The problem forced dozens of schools to close Tuesday, including the Novi Community Schools District, Walled Lake Consolidated Schools, the West Bloomfield School District and Bloomfield Hills Schools, and some schools in the Farmington Public Schools district.

On Wednesday, Farmington Public Schools said on its Facebook page classes will be back in session Thursday. District officials said water fountains have been covered and bottled water will be available for students and staff who need it. They are also encouraging students and staff to bring bottled water with them to school for as long as the boil water advisory lasts.

Also Wednesday, the authority said new pieces of pipe arrived at the scene of the break and crews began work to replace the broken water main. Officials said crews are on track to complete repairs.

Once repairs are finished, crews will test the water pressure and then flush and disinfect the water main. It will test the quality of the water flowing through the repaired main, which will take about 48 hours. If test results are clear, the boil water advisory could be lifted by the end of the day Friday, the authority said.

Fire departments in at least three Oakland County communities are coping and coming up with alternative ways to ensure their engines have the ability to combat fires.

So far, in those communities, there have been no major emergencies, including structural fires, to douse.

The Commerce Township Fire Department has water pressure, but at a reduced level.

“We can use hydrants now, but a day before the main break, we had to pull water from the lake instead of from hydrants,” said one of three captains, Mark Gall. “We had to pull up a fire engine and pull water from the lake to use.”

He said they now are able to fill up with city water.

“It’s not drinkable, so the only thing we’re dealing with now is having to use bottled water for our coffee,” he said.

The Rochester Hills Fire Department was in good form during the advisory.

“Our trucks are always maintained at full water capacity, so we were not impacted in that regards, and fortunately, we have not had any fires since the advisory was enacted,” said spokeswoman Nancy Butty.

Butty said other than the inconvenience of having to boil water or purchase bottled water for use, they have “minimally been impacted by the water advisory in regards to the fire protection services we provide. ”

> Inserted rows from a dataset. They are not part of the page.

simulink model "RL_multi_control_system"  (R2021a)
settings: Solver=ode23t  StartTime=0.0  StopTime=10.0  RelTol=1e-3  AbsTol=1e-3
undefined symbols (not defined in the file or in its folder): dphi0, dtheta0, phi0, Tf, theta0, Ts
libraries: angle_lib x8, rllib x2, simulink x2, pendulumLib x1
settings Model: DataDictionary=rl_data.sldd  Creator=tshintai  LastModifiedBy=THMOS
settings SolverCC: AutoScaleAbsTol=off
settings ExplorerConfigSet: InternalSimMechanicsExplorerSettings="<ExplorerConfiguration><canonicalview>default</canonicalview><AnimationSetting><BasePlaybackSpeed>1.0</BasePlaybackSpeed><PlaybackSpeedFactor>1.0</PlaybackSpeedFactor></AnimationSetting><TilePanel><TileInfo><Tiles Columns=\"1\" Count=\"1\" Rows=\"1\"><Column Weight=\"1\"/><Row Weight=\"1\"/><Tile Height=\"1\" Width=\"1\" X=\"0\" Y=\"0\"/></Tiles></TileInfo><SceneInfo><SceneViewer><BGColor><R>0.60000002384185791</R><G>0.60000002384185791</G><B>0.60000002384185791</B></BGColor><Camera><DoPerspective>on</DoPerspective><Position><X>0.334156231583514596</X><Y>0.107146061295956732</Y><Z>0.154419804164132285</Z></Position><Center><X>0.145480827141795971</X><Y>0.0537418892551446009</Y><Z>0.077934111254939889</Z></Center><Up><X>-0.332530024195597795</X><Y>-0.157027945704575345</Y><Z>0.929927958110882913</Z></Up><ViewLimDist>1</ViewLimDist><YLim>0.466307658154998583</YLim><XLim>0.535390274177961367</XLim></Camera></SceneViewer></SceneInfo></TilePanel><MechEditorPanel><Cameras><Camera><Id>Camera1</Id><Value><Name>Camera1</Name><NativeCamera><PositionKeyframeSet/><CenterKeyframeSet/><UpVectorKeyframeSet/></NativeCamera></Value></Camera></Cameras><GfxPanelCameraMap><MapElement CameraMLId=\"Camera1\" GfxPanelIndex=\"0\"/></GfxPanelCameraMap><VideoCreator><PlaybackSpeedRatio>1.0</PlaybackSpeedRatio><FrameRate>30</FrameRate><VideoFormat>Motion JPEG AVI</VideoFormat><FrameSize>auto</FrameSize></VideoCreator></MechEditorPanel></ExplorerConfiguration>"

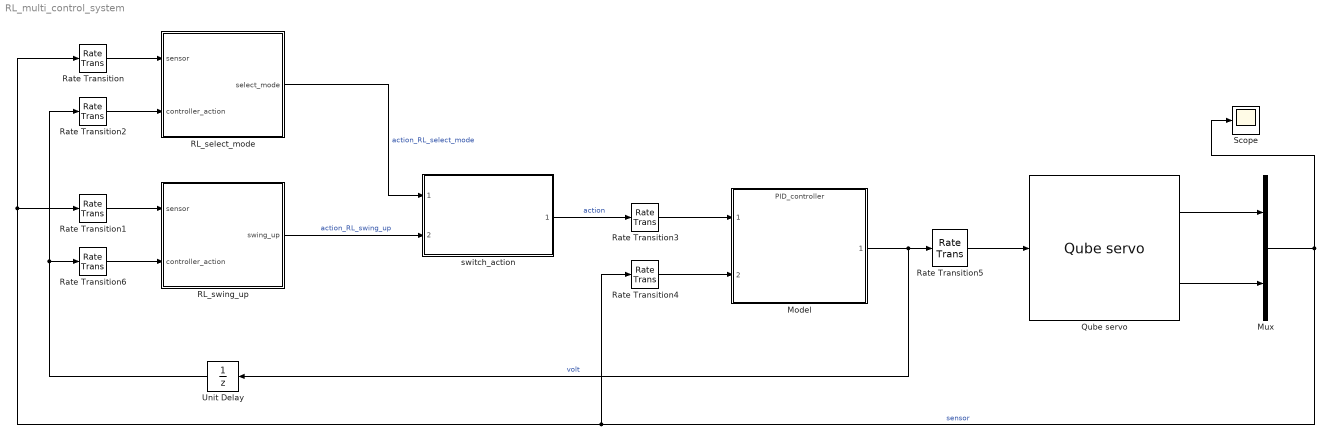
== system RL_multi_control_system ==
  Model : ModelReference  ModelNameDialog=PID_controller.slx  SimulationMode=Normal  ModelReferenceVersion=2.2
  Mux : Mux  Inputs=2
  Qube servo : pendulumLib/Qube servo  a0=[theta0, phi0]  w0=[dtheta0, dphi0]  R_m=R_m  L_m=L_m  mu_m=mu_m  K_b=K_b_2  n=n  rod_mass=m_r  rod_length=L_r  rod_rad=rod_rad  p_mass=m_p  p_length=L_p  p_rad=p_rad  D_r=D_r_2  D_p=D_p
  RL_select_mode : Subsystem
  RL_swing_up : Subsystem
  Rate Transition{,1..2,6} (4 alike) : RateTransition  OutPortSampleTime=Ts
  Rate Transition3 : RateTransition  OutPortSampleTime=Tc
  Rate Transition4 : RateTransition  OutPortSampleTime=Tc
  Rate Transition5 : RateTransition
  Scope : Scope
  Unit Delay : UnitDelay  SampleTime=-1  HasFrameUpgradeWarning=on
  switch_action : Subsystem  ReferencedSubsystem=RL_multi_switch_action
  wires:
  Qube servo/1 -> Mux/1
  Qube servo/2 -> Mux/2
  Mux/1 -> Rate Transition1/1, Rate Transition/1, Rate Transition4/1, Scope/1  "sensor"
  Rate Transition4/1 -> Model/2
  Model/1 -> Rate Transition5/1, Unit Delay/1  "volt"
  Rate Transition5/1 -> Qube servo/1
  Rate Transition3/1 -> Model/1
  Unit Delay/1 -> Rate Transition6/1, Rate Transition2/1
  RL_swing_up/1(swing_up) -> switch_action/2  "action_RL_swing_up"
  switch_action/1 -> Rate Transition3/1  "action"
  RL_select_mode/1(select_mode) -> switch_action/1  "action_RL_select_mode"
  Rate Transition/1 -> RL_select_mode/1(sensor)
  Rate Transition2/1 -> RL_select_mode/2(controller_action)
  Rate Transition1/1 -> RL_swing_up/1(sensor)
  Rate Transition6/1 -> RL_swing_up/2(controller_action)

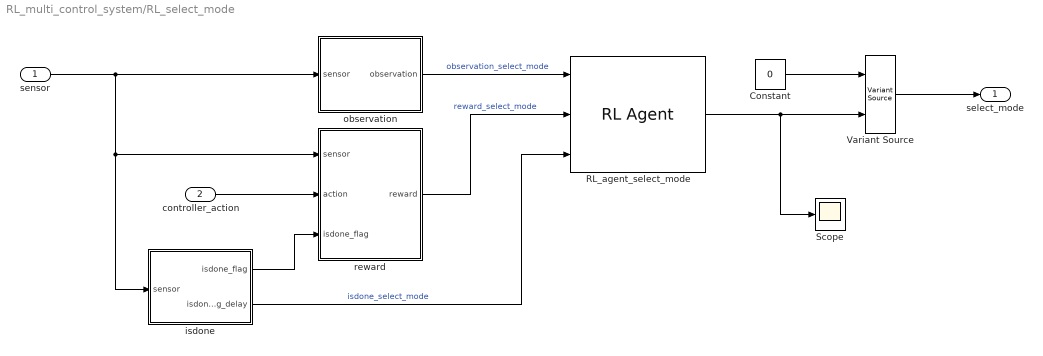
== system RL_multi_control_system/RL_select_mode ==
  sensor : Inport
  controller_action : Inport  Port=2
  Constant : Constant  Value=0
  RL_agent_select_mode : rllib/RL Agent  Agent=agent_select  ExternalActionAsInput=off  ProvideCumRwd=off  TreatAsDirectFeedthrough=on
  Scope : Scope
  Variant Source : VariantSource
  isdone : Subsystem  VariantControl=VARIANT_INV_POS
  "observation " : Subsystem  VariantControl=VARIANT_OBS_ARM_PEND
  reward : Subsystem  VariantControl=VARIANT_INV_POS
  select_mode : Outport
  wires:
  RL_agent_select_mode/1 -> Scope/1, Variant Source/2
  "observation "/1(observation) -> RL_agent_select_mode/1  "observation_select_mode"
  reward/1(reward) -> RL_agent_select_mode/2  "reward_select_mode"
  controller_action/1 -> reward/2(action)
  isdone/2(isdone_flag_delay) -> RL_agent_select_mode/3  "isdone_select_mode"
  sensor/1 -> "observation "/1(sensor), isdone/1(sensor), reward/1(sensor)
  isdone/1(isdone_flag) -> reward/3(isdone_flag)
  Variant Source/1 -> select_mode/1
  Constant/1 -> Variant Source/1

== system RL_multi_control_system/RL_swing_up ==
  sensor : Inport
  controller_action : Inport  Port=2
  Gain : Gain  Gain=3*pi/4
  RL_agent_swing_up : rllib/RL Agent  Agent=agent_swing  ExternalActionAsInput=off  ProvideCumRwd=off  TreatAsDirectFeedthrough=on
  isdone : Subsystem  VariantControl=VARIANT_INV_POS
  "observation " : Subsystem  VariantControl=VARIANT_OBS_ARM_PEND
  reward : Subsystem  VariantControl=VARIANT_INV_POS
  swing_up : Outport
  wires:
  isdone/1(isdone_flag) -> reward/3(isdone_flag)
  sensor/1 -> "observation "/1(sensor), isdone/1(sensor), reward/1(sensor)
  isdone/2(isdone_flag_delay) -> RL_agent_swing_up/3  "isdone_swing_up"
  controller_action/1 -> reward/2(action)
  reward/1(reward) -> RL_agent_swing_up/2  "reward_swing_up"
  "observation "/1(observation) -> RL_agent_swing_up/1  "observation_swing_up"
  RL_agent_swing_up/1 -> Gain/1
  Gain/1 -> swing_up/1

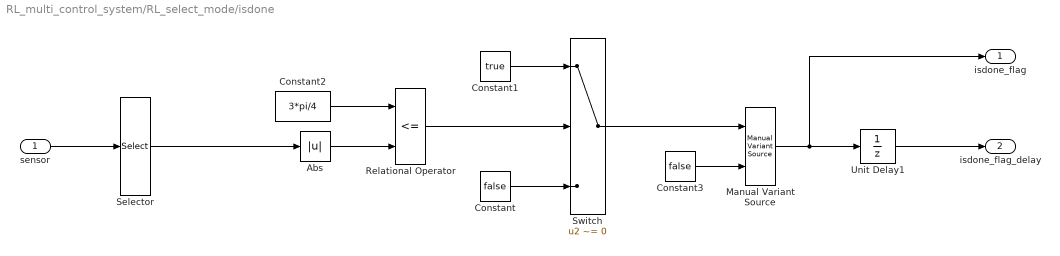
== system RL_multi_control_system/RL_select_mode/isdone ==
  sensor : Inport
  Abs : Abs
  Constant : Constant  Value=false
  Constant1 : Constant  Value=true
  Constant2 : Constant  Value=3*pi/4
  Constant3 : Constant  Value=false
  Manual Variant Source : simulink/Signal Routing/Manual Variant Source  NumChoices=2  LabelModeActiveChoice=V_2
  Relational Operator : RelationalOperator  Operator=<=  OutDataTypeStr=boolean  RndMeth=Simplest
  Selector : Selector  InputPortWidth=4  IndexOptions=Index vector (dialog)  Indices=[1]  OutputSizes=1
  Switch : Switch  Criteria=u2 ~= 0
  Unit Delay1 : UnitDelay  SampleTime=-1  HasFrameUpgradeWarning=on
  isdone_flag : Outport
  isdone_flag_delay : Outport  Port=2
  wires:
  Unit Delay1/1 -> isdone_flag_delay/1
  Constant3/1 -> Manual Variant Source/2
  Manual Variant Source/1 -> Unit Delay1/1, isdone_flag/1
  Switch/1 -> Manual Variant Source/1
  Selector/1 -> Abs/1
  Constant1/1 -> Switch/1
  Abs/1 -> Relational Operator/2
  Relational Operator/1 -> Switch/2
  Constant/1 -> Switch/3
  Constant2/1 -> Relational Operator/1
  sensor/1 -> Selector/1

== system RL_multi_control_system/RL_select_mode/observation  ==
  sensor : Inport
  Demux : Demux
  Mux : Mux  Inputs=6
  Trigonometric Function : Trigonometry
  Trigonometric Function1 : Trigonometry  Operator=cos
  Trigonometric Function2 : Trigonometry
  Trigonometric Function3 : Trigonometry  Operator=cos
  observation : Outport
  wires:
  Demux/3 -> Mux/5
  Demux/1 -> Trigonometric Function1/1, Trigonometric Function/1
  Trigonometric Function1/1 -> Mux/2
  Trigonometric Function/1 -> Mux/1
  Mux/1 -> observation/1  "observation"
  sensor/1 -> Demux/1
  Trigonometric Function2/1 -> Mux/3
  Trigonometric Function3/1 -> Mux/4
  Demux/2 -> Trigonometric Function3/1, Trigonometric Function2/1
  Demux/4 -> Mux/6

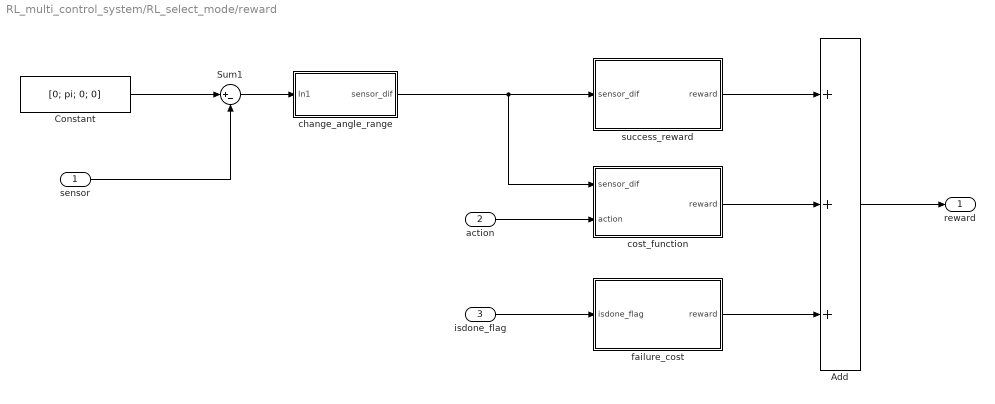
== system RL_multi_control_system/RL_select_mode/reward ==
  sensor : Inport
  action : Inport  Port=2
  isdone_flag : Inport  Port=3
  Add : Sum  Inputs=+++
  Constant : Constant  Value=[0; pi; 0; 0]
  Sum1 : Sum  Inputs=|+-
  change_angle_range : Subsystem
  cost_function : Subsystem
  failure_cost : Subsystem
  success_reward : Subsystem
  reward : Outport
  wires:
  isdone_flag/1 -> failure_cost/1(isdone_flag)
  failure_cost/1(reward) -> Add/3
  success_reward/1(reward) -> Add/1
  cost_function/1(reward) -> Add/2
  action/1 -> cost_function/2(action)
  Add/1 -> reward/1
  Sum1/1 -> change_angle_range/1(In1)
  sensor/1 -> Sum1/2
  Constant/1 -> Sum1/1
  change_angle_range/1(sensor_dif) -> success_reward/1(sensor_dif), cost_function/1(sensor_dif)

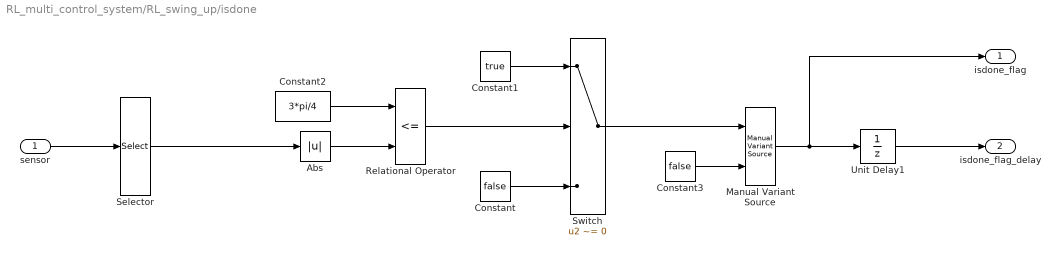
== system RL_multi_control_system/RL_swing_up/isdone ==
  sensor : Inport
  Abs : Abs
  Constant : Constant  Value=false
  Constant1 : Constant  Value=true
  Constant2 : Constant  Value=3*pi/4
  Constant3 : Constant  Value=false
  Manual Variant Source : simulink/Signal Routing/Manual Variant Source  NumChoices=2  LabelModeActiveChoice=V_2
  Relational Operator : RelationalOperator  Operator=<=  OutDataTypeStr=boolean  RndMeth=Simplest
  Selector : Selector  InputPortWidth=4  IndexOptions=Index vector (dialog)  Indices=[1]  OutputSizes=1
  Switch : Switch  Criteria=u2 ~= 0
  Unit Delay1 : UnitDelay  SampleTime=-1  HasFrameUpgradeWarning=on
  isdone_flag : Outport
  isdone_flag_delay : Outport  Port=2
  wires:
  sensor/1 -> Selector/1
  Constant2/1 -> Relational Operator/1
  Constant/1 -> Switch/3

The Walled Lake Fire Department now has sufficient water pressure, but called in reinforcements earlier, just in case.

“We have a mutual aid group, MABAS 3201 and early on, we were on conference calls because we had no pressure in Walled Lake,” said fire chief Jim Coomer.

MABAS is the Oakland County Fire Mutual Aid Association whose mission is to share municipal fire service resources, according to their website.

Coomer continued, “We requested two water tanks from the north end, in Groveland Township, and they responded with personnel and a 3,000 gallon water tanker so we had water available. Another tanker responded from Independence Township, in case we had a fire, we’d have enough water.

He said the city now has water pressure and the tankers were released this morning.